En effet, un accord a été constaté sur la difficulté de regarder des matches de hockey sur ce support.

De grands chantiers s'ouvrent dès lors pour le contenu, a souligné le représentant du régulateur britannique OFCOM, affirmant que, sans contenu spécifique, la DVBT-H était vouée à l'échec.

Ceci nous amène au problème éminemment complexe de la régulation de cette nouvelle diffusion, les autorités qui, jusqu'à maintenant, s'occupaient du secteur télécoms, n'étant guère outillées ni disposées à faire de la surveillance de programmes et de contenu.

Les autorités convergentes, pour des raisons évidentes, ne connaissent pas ce genre de difficulté.

A Luxembourg cependant, une réflexion est de mise à ce sujet, l'intervention de l'ORK (Ombudscomité fir d'Rechter vum Kand) concernant la multiplication de films pornographiques circulant sur les téléphones mobiles de mineurs, étant un signe annonciateur de nécessité de régulation.

Un autre exemple de la convergence des secteurs médias et télécoms est celui des offres « triple play » par des opérateurs de câble, voir de téléphonie ou autre livrant sur un même support, le câble des programmes télévisés, de la téléphonie fixe et de l'Internet à haut débit.

Cette offre, présente au Luxembourg par les câblo-opérateurs CODITEL et ELTRONA connaît un certain succès à travers l'Europe et notamment en France et en Angleterre à travers le « bundling » des services.

Il est évident que les pays câblés verront surtout les entreprises du câble se manifester, tandis que les pays à réseau câblé pauvre donneront un avantage aux opérateurs de téléphonie.

En tout cas, la discussion a tourné, lors des workshops, autour de l'intérêt pour les consommateurs d'une telle convergence. Une guerre des tarifs est envisageable, également celle des contenus, au demeurant limités.

Une rivalité entre régulateurs est peu probable alors que la télévision par Internet n'en est qu'à ses débuts et ceci notamment grâce au débit encore insuffisant pour une réception de qualité.

Cette télévision par Internet échapperait d'ailleurs à la surveillance de la plupart des régulateurs européens, à part les « Medienanstalten » des « Länder » qui ont une compétence expresse pour les opérateurs Internet domiciliés dans leurs juridictions.

Finalement la télévision par protocole Internet (IPTV) a été abordée, bien que le panel des régulateurs ait été d'avis qu'il ne s'agit que d'une façon différente d'amener le flux audiovisuel auprès du consommateur. En tant que telle, la question de la régulation est identique à celle du câble.

La Commissaire européenne des médias et du monde de l'information avait fait le déplacement et a tenu un discours attendu sur le « dividende numérique ».

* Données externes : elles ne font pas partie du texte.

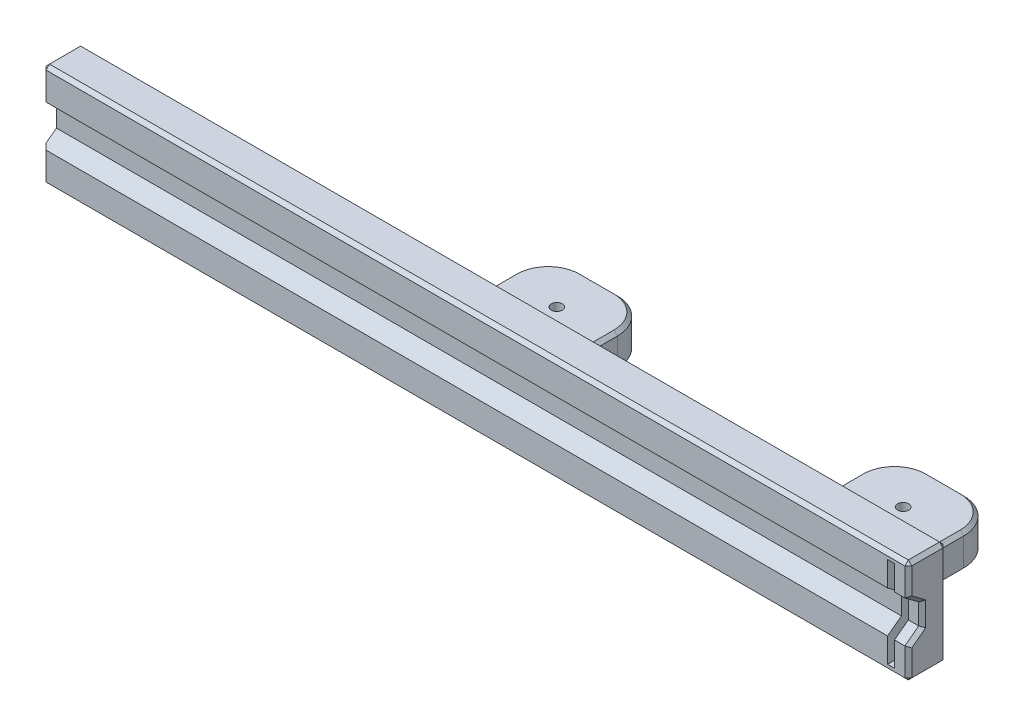
SolidWorks part; units mm, degrees
ref_plane "前基準面" through (0, 0, 0) normal (0, 0, 1) x (1, 0, 0)
ref_plane "上基準面" through (0, 0, 0) normal (0, 1, 0) x (1, 0, 0)
ref_plane "右基準面" through (0, 0, 0) normal (1, 0, 0) x (0, 0, -1)
sketch "草圖1" plane through (0, 0, 0) normal (0, 0, 1) x (1, 0, 0)
  line L0 (0, 0) -> (250, 0)
  line L1 (250, 0) -> (250, 30)
  line L2 (250, 30) -> (0, 30)
  line L3 (0, 30) -> (0, 0)
  dimension "D1" = 30
  dimension "D2" = 250
extrude "填料-伸長1" add sketch "草圖1" along normal blind 11
sketch "草圖4" plane through (0, 0, 0) normal (0, 0, -1) x (-1, 0, 0)
  line L0 (-250, 15) -> (0, 15)
  line L1 (-250, 0) -> (-250, 30) construction
  line L2 (0, 30) -> (0, 0) construction
  line L3 (-125, 30) -> (-125, 0)
  line L4 (-250, 30) -> (0, 30) construction
  line L5 (0, 0) -> (-250, 0) construction
  line L6 (-140, 15) -> (-125, 15)
  line L7 (-125, 15) -> (-110, 15)
  line L8 (-140, 15) -> (-140, 20)
  line L9 (-140, 20) -> (-110, 20)
  line L10 (-110, 20) -> (-110, 15)
  line L11 (-140, 15) -> (-140, 10)
  line L12 (-140, 10) -> (-125, 10)
  line L13 (-125, 10) -> (-110, 10)
  line L14 (-110, 10) -> (-110, 15)
  line L16 (-164.6389, 10) -> (-194.6389, 10)
  line L17 (-164.6389, 10) -> (-164.6389, 20)
  line L18 (-164.6389, 20) -> (-194.6389, 20)
  line L19 (-194.6389, 10) -> (-194.6389, 20)
  line L20 (-164.6389, 10) -> (-194.6389, 20) construction
  line L21 (-164.6389, 20) -> (-194.6389, 10) construction
  point P17 (-179.6389, 15)
  dimension "D1" = 15
  dimension "D2" = 15
  dimension "D3" = 5
  dimension "D4" = 5
  dimension "D5" = 10
  dimension "D6" = 30
extrude "填料-伸長2" add sketch "草圖4" along normal blind 25 contours L11 L12 L3 L0 | L9 L8 L0 L3 | L10 L9 L3 L0 | L13 L14 L0 L3
sketch "草圖5" plane through (250, 0, 0) normal (1, 0, 0) x (0, 0, -1)
  line L0 (-11, 30) -> (-11, 21)
  line L1 (-11, 0) -> (-11, 30) construction
  line L2 (-7, 15) -> (-7, 12)
  line L3 (-7, 15) -> (-7, 18)
  line L4 (-7, 18) -> (-11, 21)
  line L5 (-11, 9) -> (-11, 0)
  line L6 (-11, 15) -> (0, 15)
  line L7 (0, 30) -> (0, 0) construction
  line L8 (-7, 12) -> (-11, 9)
  line L9 (-11, 9) -> (-11, 21)
  line M6 (-11, 30) -> (-11, 0)
  dimension "D1" = 12
  dimension "D2" = 30
  dimension "D3" = 6
  dimension "D4" = 3
  dimension "D5" = 3
  dimension "D6" = 4
extrude "除料-伸長2" cut sketch "草圖5" against normal through all contours L6 L3 L4 M6 | L8 L2 L6 M6
sketch "草圖6" plane through (0, 10, 0) normal (0, -1, 0) x (1, 0, 0)
  line L0 (125, 0) -> (125, -25)
  line L1 (250, 0) -> (0, 0) construction
  line L2 (140, -25) -> (110, -25) construction
  line L3 (110, -12.5) -> (140, -12.5)
  line L4 (110, -25) -> (110, 0) construction
  line L5 (140, -25) -> (140, 0) construction
  circle A0 centre (125, -12.5) radius 1.6
  dimension "D1" = 3.2
extrude "除料-伸長3" cut sketch "草圖6" against normal through all contours L3 A0 L0 | L0 A0 L3 | L3 A0 L0 | L0 A0 L3
sketch "草圖7" plane through (0, 10, 0) normal (0, -1, 0) x (1, 0, 0)
  line L0 (125, -14.1) -> (125, -25)
  line L1 (140, -25) -> (110, -25) construction
  circle A0 centre (125, -12.5) radius 1.6 construction
sketch "草圖9" plane through (0, 0, 0) normal (0, 0, -1) x (-1, 0, 0)
  line L1 (-194.6389, 20) -> (-164.6389, 20)
  line L2 (-194.6389, 20) -> (-194.6389, 10)
  line L3 (-194.6389, 10) -> (-164.6389, 10)
  line L4 (-164.6389, 20) -> (-164.6389, 10)
  line L5 (-194.6389, 20) -> (-164.6389, 10) construction
  line L6 (-194.6389, 10) -> (-164.6389, 20) construction
  point P0 (-179.6389, 15)
sketch "草圖11" plane through (0, 0, 0) normal (0, 0, -1) x (-1, 0, 0)
  line L0 (-125, 15) -> (-225, 15)
  line L1 (-250, 15) -> (0, 15) construction
  line L3 (-240, 10) -> (-210, 10)
  line L4 (-240, 10) -> (-240, 20)
  line L5 (-240, 20) -> (-210, 20)
  line L6 (-210, 10) -> (-210, 20)
  line L7 (-240, 10) -> (-210, 20) construction
  line L8 (-240, 20) -> (-210, 10) construction
  dimension "D1" = 100
  dimension "D2" = 10
  dimension "D3" = 30
extrude "填料-伸長4" add sketch "草圖11" along normal blind 25
sketch "草圖12" plane through (0, 20, 0) normal (0, 1, 0) x (1, 0, 0)
  line L0 (240, 12.5) -> (210, 12.5)
  line L1 (240, 25) -> (240, 0) construction
  line L2 (210, 25) -> (210, 0) construction
  circle A0 centre (225, 12.5) radius 1.6
  dimension "D1" = 3.2
extrude "除料-伸長5" cut sketch "草圖12" against normal through all contours A0
fillet "圓角1" radius 10 4 edges at (110, 15, -25) (140, 15, -25) (210, 15, -25) (240, 15, -25)
sketch "草圖13" plane through (0, 0, 11) normal (0, 0, 1) x (1, 0, 0)
  line L1 (244, 28.1) -> (246, 28.1)
  line L2 (244, 28.1) -> (244, 1.9)
  line L3 (244, 1.9) -> (246, 1.9)
  line L4 (246, 28.1) -> (246, 1.9)
  line L5 (250, 15) -> (0, 15) construction
  line L6 (250, 0) -> (250, 30) construction
  dimension "D1" = 2
  dimension "D2" = 26.2
  dimension "D3" = 13.1
  dimension "D4" = 4
extrude "除料-伸長6" cut sketch "草圖13" against normal through all
chamfer "導角1" distance 1 angle 45 45 edges at (250, 15, 0) (250, 30, 5.5) (250, 0, 5.5) (125, 30, 11) (125, 0, 11) (0, 30, 5.5) (125, 30, 0) (125, 0, 0) (0, 15, 0) (0, 0, 5.5) (225, 10, -25) (225, 20, -25) (212.9289, 20, -22.0711) (212.9289, 10, -22.0711) (237.0711, 10, -22.0711) (237.0711, 20, -22.0711) (225, 20, 0) (210, 20, -7.5) (210, 15, 0) (210, 10, -7.5) (225, 10, 0) (240, 10, -7.5) (240, 15, 0) (240, 20, -7.5) (125, 20, -25) (125, 10, -25) (112.9289, 20, -22.0711) (112.9289, 10, -22.0711) (137.0711, 20, -22.0711) (137.0711, 10, -22.0711) (110, 20, -7.5) (125, 10, 0) (110, 10, -7.5) (110, 15, 0) (125, 20, 0) (140, 20, -7.5) (140, 15, 0) (140, 10, -7.5) (250, 4.5, 11) (250, 10.5, 9) (250, 15, 7) (250, 19.5, 9) (250, 25.5, 11) (0, 25.5, 11) (0, 4.5, 11)

En résumé, Mme Reding a réitéré sa position sur la nécessité impérieuse de régulateurs indépendants pour les médias et que la convergence était un moment opportun de repartir de l'avant en Europe pour les médias.

Elle a effleuré le sujet épineux d'une autorité européenne du marché de l'audiovisuel qui est un sujet des plus délicats mais qui n'a guère été touché lors de la réunion.

En revanche, la Commissaire a vigoureusement encouragé les régulateurs à accorder des fréquences et de faire avancer le dossier de la télévision par téléphonie mobile pour ne pas rater le coche des autres continents.

Les retombées économiques d'un tel système sont trop importantes pour ne pas perdre de temps à faire démarrer les dossiers pour les pays qui ne l'ont pas encore fait !

En résumé, une réunion intéressante qui laisse en présager d'autres.